Stored items from a collection.
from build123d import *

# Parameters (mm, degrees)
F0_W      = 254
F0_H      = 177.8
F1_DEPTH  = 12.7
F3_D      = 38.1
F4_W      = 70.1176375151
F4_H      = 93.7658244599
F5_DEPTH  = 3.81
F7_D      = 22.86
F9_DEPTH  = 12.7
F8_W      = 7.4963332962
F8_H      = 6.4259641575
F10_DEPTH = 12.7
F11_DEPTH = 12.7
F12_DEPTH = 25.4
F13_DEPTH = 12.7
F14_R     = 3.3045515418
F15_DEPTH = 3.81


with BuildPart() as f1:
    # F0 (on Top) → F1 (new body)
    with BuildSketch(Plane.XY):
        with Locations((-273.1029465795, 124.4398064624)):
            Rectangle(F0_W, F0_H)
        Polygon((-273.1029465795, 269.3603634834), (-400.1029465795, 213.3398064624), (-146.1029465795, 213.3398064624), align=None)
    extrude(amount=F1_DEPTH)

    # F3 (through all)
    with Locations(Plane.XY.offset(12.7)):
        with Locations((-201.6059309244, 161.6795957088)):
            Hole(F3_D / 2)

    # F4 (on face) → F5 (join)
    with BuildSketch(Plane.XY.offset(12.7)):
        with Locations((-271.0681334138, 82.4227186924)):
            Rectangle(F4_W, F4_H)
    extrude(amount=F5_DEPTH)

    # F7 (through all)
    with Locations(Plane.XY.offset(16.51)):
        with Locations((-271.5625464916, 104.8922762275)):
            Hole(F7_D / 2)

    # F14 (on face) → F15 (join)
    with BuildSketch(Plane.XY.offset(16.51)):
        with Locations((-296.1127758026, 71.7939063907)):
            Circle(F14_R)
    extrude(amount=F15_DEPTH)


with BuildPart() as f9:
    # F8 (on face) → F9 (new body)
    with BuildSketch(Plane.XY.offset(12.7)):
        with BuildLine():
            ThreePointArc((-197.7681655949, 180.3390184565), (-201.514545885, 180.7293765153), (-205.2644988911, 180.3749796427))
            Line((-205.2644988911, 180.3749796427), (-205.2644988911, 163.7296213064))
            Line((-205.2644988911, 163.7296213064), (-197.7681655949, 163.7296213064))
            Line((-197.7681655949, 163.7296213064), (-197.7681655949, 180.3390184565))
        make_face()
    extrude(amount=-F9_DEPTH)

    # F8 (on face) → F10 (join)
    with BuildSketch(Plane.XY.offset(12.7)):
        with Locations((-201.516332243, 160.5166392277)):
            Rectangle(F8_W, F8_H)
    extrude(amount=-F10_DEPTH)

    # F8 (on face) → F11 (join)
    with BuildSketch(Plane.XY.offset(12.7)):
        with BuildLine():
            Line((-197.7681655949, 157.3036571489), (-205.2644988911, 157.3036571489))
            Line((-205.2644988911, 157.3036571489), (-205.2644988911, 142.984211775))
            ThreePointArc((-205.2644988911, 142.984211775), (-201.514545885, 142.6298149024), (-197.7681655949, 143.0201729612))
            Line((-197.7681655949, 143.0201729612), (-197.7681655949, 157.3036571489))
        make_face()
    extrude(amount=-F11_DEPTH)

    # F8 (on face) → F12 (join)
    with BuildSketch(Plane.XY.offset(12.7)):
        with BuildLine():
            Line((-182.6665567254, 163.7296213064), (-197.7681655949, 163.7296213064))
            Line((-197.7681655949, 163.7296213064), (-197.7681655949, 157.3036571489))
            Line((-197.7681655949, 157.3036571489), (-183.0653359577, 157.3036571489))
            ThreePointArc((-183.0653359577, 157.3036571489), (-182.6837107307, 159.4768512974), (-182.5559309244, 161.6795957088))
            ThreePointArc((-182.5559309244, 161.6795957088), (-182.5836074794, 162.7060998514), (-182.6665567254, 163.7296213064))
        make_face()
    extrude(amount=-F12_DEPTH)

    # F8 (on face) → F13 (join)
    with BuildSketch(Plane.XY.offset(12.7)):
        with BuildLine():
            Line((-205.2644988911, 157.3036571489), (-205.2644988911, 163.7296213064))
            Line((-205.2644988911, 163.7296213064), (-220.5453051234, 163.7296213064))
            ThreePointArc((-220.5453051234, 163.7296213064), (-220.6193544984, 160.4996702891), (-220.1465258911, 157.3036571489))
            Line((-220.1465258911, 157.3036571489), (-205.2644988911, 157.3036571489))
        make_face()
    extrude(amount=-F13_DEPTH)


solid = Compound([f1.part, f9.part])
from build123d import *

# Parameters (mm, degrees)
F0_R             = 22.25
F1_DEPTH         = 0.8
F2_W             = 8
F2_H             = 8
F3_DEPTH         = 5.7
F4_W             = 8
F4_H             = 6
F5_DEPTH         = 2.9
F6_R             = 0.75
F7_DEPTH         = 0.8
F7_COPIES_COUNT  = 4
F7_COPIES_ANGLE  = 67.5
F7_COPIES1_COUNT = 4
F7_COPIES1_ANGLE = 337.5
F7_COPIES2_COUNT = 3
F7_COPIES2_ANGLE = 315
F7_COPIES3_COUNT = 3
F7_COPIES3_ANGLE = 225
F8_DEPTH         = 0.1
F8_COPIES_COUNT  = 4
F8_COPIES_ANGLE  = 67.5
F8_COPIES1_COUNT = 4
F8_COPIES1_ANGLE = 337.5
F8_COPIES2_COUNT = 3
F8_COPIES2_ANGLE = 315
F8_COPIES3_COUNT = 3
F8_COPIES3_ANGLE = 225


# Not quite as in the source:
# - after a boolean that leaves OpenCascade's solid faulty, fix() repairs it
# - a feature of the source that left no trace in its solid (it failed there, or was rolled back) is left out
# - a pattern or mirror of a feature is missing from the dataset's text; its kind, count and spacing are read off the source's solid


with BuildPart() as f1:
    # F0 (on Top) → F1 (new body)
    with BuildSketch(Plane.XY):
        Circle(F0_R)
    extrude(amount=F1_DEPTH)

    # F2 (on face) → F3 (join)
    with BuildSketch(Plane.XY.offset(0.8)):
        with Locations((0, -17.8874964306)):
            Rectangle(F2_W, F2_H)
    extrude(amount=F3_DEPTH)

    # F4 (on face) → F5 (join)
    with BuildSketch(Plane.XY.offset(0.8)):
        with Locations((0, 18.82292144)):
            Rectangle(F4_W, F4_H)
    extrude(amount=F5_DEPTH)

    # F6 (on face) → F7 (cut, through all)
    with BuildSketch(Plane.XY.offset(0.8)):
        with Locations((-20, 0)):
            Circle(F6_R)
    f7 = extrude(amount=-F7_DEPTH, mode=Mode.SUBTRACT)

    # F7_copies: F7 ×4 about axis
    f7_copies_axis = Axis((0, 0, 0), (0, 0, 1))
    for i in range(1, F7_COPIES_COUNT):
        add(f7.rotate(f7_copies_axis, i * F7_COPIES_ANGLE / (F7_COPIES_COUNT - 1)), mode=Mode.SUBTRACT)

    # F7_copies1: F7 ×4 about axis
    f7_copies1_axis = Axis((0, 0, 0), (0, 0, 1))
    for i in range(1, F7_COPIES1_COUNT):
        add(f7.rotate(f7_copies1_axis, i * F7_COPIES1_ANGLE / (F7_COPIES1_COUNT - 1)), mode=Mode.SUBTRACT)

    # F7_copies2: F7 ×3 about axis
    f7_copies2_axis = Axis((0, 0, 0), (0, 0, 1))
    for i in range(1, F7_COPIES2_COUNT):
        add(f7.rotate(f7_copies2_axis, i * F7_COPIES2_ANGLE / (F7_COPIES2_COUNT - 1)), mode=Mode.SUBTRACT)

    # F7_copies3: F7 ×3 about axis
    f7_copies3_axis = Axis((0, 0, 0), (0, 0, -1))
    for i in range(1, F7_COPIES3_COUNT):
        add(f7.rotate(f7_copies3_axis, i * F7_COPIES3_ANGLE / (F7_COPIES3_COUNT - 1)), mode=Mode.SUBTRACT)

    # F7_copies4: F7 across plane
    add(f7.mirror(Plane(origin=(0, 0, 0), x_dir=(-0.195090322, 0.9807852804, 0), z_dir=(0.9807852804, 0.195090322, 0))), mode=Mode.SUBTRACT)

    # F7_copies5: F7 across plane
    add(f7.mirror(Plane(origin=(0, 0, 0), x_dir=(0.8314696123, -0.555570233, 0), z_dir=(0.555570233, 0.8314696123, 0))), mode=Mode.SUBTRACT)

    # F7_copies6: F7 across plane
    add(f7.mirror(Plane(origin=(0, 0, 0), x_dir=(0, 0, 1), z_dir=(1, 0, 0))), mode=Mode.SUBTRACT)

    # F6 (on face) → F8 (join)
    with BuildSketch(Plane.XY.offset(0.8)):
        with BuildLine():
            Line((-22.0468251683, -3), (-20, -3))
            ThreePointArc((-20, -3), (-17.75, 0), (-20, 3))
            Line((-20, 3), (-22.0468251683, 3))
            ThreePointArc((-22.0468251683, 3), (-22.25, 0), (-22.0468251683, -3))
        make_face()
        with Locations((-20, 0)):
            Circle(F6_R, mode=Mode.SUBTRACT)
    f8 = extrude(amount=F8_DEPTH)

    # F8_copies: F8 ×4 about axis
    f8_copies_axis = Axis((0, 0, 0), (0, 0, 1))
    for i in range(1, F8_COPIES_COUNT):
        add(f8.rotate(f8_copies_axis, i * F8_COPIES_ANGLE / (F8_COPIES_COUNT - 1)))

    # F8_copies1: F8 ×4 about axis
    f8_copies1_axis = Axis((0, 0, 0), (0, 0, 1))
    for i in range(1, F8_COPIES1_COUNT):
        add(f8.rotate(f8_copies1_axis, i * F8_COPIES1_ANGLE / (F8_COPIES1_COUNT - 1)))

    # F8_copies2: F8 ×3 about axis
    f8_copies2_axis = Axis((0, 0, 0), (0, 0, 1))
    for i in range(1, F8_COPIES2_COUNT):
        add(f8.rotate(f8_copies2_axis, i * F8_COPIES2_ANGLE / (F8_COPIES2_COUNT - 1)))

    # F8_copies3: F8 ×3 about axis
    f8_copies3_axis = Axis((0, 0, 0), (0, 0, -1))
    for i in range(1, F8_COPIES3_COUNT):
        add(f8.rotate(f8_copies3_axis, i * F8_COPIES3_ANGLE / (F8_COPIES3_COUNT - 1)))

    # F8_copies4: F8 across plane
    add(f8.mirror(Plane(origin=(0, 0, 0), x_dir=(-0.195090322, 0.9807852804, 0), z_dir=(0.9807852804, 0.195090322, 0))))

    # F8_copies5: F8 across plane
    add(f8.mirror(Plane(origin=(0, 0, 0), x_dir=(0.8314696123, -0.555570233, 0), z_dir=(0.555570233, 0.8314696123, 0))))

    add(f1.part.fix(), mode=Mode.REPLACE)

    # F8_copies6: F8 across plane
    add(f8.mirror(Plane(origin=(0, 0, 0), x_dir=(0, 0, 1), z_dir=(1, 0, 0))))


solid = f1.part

EXERCISE OBJECTIVE. For this exercise, output exactly the lines above from the line with "# F8 (on face) → F12 (join)" to the line with "163.7296213064), (-197.7681655949, 157.3036571489))", counting both, and leave out the rest.

TASK ANSWER.
    # F8 (on face) → F12 (join)
    with BuildSketch(Plane.XY.offset(12.7)):
        with BuildLine():
            Line((-182.6665567254, 163.7296213064), (-197.7681655949, 163.7296213064))
            Line((-197.7681655949, 163.7296213064), (-197.7681655949, 157.3036571489))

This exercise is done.